Data extracted from a collection:

● ● ● ● ● ● ●

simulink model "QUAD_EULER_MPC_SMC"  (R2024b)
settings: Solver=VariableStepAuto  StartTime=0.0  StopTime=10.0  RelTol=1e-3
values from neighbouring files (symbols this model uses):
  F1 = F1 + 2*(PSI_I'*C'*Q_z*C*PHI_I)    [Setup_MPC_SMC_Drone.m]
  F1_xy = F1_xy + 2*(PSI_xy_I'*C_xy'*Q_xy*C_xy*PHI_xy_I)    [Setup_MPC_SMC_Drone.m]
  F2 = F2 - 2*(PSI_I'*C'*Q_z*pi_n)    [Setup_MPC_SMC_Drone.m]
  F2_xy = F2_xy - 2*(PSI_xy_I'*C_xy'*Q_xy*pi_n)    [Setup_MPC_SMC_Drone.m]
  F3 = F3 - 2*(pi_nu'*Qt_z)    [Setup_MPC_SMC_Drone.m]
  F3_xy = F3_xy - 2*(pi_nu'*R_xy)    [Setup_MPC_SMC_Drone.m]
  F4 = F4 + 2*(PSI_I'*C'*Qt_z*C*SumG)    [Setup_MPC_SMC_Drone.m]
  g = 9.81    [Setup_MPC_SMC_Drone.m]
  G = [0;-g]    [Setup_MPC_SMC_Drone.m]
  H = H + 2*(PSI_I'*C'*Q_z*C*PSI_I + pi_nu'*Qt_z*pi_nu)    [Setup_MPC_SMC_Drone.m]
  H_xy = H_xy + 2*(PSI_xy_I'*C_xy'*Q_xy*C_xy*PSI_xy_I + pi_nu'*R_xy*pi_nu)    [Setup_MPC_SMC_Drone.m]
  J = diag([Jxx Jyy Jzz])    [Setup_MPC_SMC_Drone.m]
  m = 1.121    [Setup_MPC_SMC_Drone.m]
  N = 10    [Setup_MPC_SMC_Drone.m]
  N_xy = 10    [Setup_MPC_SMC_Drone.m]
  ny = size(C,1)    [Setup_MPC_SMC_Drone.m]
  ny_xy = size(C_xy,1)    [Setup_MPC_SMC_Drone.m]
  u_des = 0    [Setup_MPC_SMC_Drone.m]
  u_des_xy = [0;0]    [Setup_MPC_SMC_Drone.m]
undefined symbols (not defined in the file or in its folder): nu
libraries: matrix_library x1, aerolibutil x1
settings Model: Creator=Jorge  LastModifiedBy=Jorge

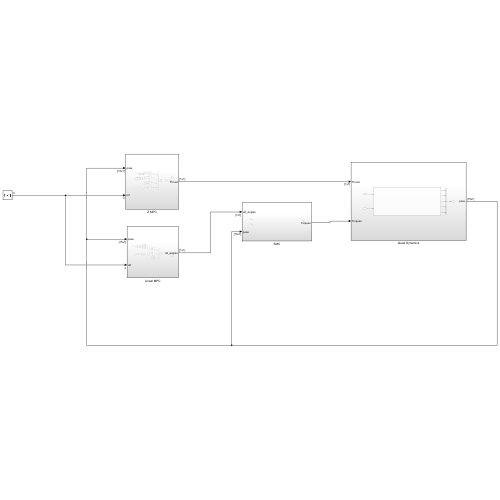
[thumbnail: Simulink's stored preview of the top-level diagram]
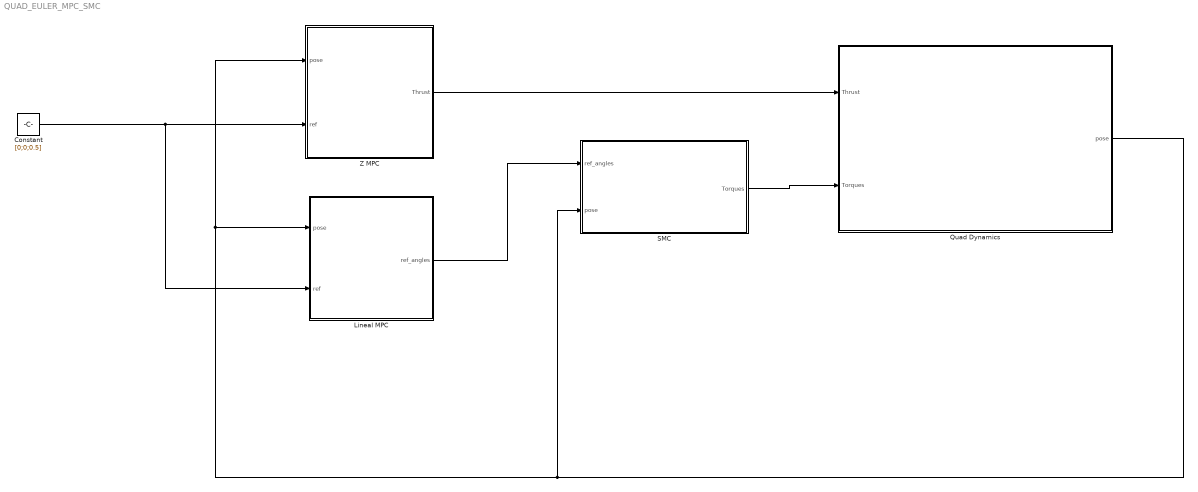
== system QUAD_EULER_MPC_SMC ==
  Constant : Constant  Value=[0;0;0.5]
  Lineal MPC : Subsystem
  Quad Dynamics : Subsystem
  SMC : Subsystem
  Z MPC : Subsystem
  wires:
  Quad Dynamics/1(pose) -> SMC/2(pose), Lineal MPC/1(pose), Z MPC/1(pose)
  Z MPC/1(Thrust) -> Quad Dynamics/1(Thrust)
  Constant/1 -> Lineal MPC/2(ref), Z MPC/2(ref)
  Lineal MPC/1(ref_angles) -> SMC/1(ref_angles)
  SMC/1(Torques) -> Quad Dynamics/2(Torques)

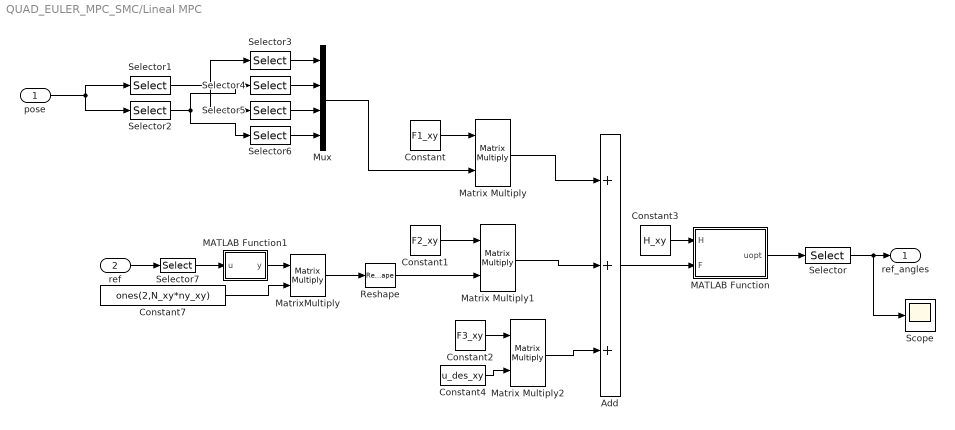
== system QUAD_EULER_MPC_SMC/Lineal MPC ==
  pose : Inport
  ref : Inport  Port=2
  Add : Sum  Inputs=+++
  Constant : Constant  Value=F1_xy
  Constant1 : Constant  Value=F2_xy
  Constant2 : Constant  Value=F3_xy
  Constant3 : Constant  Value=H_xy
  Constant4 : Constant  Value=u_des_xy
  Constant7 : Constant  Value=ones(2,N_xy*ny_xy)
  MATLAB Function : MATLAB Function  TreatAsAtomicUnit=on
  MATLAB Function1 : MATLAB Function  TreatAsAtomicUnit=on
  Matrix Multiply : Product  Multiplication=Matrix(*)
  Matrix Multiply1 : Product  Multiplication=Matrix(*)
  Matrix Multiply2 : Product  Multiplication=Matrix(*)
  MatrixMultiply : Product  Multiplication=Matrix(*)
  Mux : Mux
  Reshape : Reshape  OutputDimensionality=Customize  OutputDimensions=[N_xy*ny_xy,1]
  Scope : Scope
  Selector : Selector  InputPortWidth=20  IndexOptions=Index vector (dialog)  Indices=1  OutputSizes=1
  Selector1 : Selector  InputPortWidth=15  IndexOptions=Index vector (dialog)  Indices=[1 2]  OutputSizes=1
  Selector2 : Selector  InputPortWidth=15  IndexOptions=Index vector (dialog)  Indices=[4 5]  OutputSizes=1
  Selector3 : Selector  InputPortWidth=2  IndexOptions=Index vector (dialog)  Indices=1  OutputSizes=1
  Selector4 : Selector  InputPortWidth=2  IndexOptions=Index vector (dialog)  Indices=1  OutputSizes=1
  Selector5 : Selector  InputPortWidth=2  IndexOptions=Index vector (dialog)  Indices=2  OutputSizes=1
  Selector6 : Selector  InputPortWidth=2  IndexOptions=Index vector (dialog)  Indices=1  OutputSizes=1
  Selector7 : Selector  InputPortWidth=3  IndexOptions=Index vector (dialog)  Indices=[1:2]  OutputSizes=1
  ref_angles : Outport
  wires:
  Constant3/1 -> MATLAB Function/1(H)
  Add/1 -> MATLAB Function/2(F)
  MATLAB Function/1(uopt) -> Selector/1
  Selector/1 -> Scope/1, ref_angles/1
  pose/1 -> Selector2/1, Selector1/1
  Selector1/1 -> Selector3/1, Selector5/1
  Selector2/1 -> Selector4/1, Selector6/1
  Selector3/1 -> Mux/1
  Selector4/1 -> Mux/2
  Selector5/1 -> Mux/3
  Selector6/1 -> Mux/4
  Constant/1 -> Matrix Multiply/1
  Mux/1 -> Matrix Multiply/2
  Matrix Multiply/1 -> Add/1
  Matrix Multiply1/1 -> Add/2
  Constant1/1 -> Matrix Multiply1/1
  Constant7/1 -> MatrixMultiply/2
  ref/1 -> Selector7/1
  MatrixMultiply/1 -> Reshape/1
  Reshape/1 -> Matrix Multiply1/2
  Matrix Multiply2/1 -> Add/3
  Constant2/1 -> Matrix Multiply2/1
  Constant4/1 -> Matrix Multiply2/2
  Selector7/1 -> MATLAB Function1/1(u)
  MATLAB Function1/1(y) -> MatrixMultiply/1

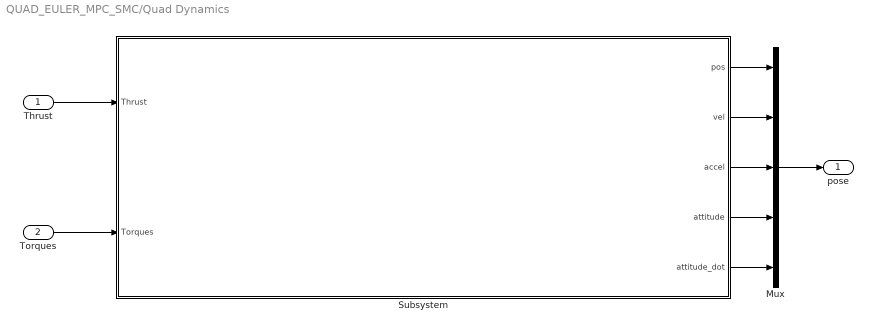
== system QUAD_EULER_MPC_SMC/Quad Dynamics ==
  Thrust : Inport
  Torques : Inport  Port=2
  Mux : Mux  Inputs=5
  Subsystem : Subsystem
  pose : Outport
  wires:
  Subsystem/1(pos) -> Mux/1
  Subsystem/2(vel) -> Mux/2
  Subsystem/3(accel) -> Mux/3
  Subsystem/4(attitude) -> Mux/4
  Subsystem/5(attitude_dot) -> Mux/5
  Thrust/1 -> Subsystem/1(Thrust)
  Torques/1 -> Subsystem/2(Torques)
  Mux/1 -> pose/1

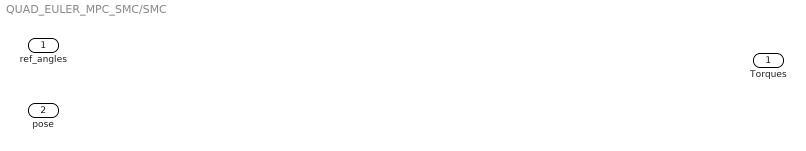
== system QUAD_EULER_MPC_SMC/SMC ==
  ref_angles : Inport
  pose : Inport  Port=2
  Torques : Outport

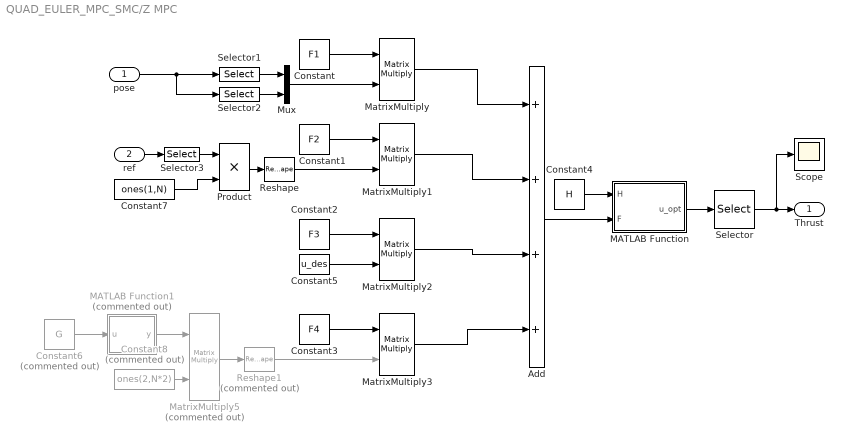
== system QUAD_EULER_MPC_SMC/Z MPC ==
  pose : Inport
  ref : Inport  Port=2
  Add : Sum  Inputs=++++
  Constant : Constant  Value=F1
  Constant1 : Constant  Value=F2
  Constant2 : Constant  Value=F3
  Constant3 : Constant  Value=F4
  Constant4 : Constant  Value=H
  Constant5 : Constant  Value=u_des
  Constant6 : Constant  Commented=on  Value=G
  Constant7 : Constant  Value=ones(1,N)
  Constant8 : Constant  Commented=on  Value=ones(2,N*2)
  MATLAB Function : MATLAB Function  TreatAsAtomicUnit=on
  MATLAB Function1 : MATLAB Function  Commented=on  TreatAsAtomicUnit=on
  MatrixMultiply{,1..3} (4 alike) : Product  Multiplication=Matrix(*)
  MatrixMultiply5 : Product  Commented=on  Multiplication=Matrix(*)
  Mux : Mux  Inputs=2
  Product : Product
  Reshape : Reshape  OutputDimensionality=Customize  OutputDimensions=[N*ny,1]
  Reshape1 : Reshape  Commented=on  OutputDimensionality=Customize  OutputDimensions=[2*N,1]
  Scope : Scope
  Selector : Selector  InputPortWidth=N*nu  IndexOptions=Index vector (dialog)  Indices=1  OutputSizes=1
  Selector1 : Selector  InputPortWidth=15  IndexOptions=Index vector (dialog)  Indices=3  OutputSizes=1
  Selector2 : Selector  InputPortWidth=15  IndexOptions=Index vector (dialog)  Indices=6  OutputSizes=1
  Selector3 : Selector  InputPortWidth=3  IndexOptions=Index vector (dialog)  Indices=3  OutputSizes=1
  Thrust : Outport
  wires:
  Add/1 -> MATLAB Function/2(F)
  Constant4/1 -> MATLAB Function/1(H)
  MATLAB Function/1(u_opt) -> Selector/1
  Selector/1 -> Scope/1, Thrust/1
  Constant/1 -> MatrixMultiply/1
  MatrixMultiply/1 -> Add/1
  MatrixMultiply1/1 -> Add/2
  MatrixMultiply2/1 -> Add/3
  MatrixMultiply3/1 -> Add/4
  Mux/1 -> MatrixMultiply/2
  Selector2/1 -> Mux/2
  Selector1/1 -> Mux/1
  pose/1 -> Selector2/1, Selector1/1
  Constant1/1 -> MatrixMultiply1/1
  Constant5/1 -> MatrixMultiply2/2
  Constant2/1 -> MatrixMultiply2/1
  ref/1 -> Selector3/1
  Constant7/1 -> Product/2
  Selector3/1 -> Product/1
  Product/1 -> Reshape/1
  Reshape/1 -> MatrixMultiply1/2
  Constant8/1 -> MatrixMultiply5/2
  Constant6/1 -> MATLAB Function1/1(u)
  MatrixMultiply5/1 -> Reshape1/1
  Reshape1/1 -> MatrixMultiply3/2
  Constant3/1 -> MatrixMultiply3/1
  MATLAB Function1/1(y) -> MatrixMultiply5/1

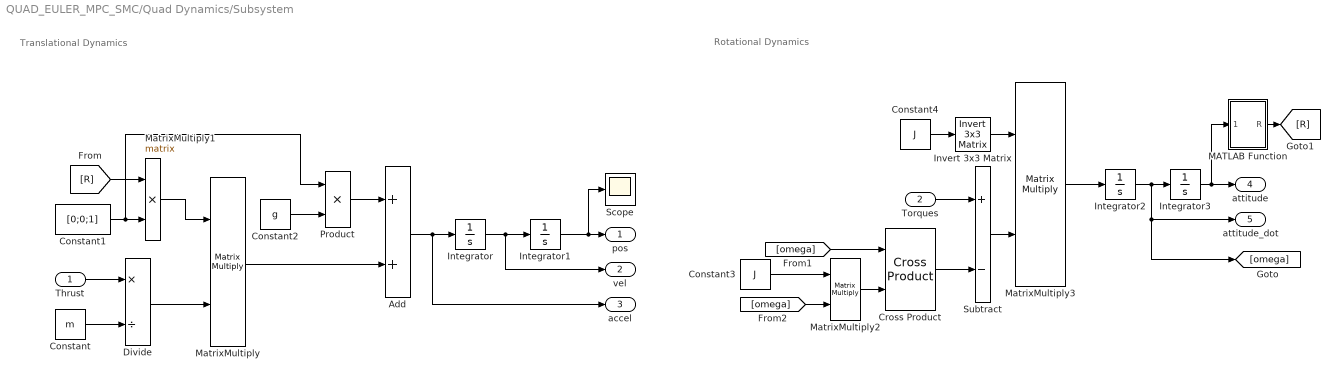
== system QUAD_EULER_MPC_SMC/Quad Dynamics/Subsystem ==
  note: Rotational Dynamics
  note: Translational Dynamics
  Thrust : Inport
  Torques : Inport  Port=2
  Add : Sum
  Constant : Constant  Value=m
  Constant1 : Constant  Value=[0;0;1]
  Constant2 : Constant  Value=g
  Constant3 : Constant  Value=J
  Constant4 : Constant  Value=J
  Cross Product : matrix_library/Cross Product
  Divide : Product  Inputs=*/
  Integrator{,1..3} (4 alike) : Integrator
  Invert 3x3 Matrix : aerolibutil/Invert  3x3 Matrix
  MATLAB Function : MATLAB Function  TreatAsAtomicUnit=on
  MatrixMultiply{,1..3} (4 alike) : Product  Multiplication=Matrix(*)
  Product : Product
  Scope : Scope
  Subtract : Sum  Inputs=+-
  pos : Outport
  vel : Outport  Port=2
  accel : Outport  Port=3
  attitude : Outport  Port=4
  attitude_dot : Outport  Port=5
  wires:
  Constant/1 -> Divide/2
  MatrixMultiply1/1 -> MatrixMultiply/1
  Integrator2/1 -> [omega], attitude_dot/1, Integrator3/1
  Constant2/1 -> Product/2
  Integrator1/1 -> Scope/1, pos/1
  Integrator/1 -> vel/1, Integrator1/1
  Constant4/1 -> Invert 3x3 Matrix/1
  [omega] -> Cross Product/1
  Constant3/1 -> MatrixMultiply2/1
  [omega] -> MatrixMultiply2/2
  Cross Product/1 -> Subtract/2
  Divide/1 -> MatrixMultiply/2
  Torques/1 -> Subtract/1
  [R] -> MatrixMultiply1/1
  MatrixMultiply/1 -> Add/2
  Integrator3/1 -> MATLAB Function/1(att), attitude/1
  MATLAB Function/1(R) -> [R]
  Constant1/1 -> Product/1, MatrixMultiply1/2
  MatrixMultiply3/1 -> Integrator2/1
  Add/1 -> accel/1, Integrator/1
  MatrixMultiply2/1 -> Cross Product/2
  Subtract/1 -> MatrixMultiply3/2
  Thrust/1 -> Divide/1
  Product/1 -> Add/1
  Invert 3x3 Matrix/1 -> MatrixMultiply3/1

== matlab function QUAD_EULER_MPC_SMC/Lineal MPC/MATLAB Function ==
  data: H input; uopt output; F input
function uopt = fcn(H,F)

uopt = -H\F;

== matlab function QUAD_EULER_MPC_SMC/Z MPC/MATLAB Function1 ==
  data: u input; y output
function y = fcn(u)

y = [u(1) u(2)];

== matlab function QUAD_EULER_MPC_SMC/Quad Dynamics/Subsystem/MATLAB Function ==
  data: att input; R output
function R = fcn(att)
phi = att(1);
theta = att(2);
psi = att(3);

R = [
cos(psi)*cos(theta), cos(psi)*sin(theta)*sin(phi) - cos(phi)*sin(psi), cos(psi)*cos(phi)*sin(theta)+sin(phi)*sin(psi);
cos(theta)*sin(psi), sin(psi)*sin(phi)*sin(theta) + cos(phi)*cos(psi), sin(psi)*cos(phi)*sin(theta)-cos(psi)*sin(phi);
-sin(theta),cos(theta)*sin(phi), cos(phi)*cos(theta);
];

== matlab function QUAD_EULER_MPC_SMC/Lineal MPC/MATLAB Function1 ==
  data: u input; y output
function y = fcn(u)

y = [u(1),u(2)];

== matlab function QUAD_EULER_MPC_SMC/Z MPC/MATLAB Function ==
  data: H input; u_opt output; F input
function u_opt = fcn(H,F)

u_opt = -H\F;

● ● ● ● ● ● ●

• _WHAT THE EXERCISE ASKS_
Your response should hold the lines from the first line of the entries above through the line with "F3_xy = F3_xy", each retyped exactly, and nothing else.

• _RESPONSE TO THE EXERCISE_
simulink model "QUAD_EULER_MPC_SMC"  (R2024b)
settings: Solver=VariableStepAuto  StartTime=0.0  StopTime=10.0  RelTol=1e-3
values from neighbouring files (symbols this model uses):
  F1 = F1 + 2*(PSI_I'*C'*Q_z*C*PHI_I)    [Setup_MPC_SMC_Drone.m]
  F1_xy = F1_xy + 2*(PSI_xy_I'*C_xy'*Q_xy*C_xy*PHI_xy_I)    [Setup_MPC_SMC_Drone.m]
  F2 = F2 - 2*(PSI_I'*C'*Q_z*pi_n)    [Setup_MPC_SMC_Drone.m]
  F2_xy = F2_xy - 2*(PSI_xy_I'*C_xy'*Q_xy*pi_n)    [Setup_MPC_SMC_Drone.m]
  F3 = F3 - 2*(pi_nu'*Qt_z)    [Setup_MPC_SMC_Drone.m]
  F3_xy = F3_xy - 2*(pi_nu'*R_xy)    [Setup_MPC_SMC_Drone.m]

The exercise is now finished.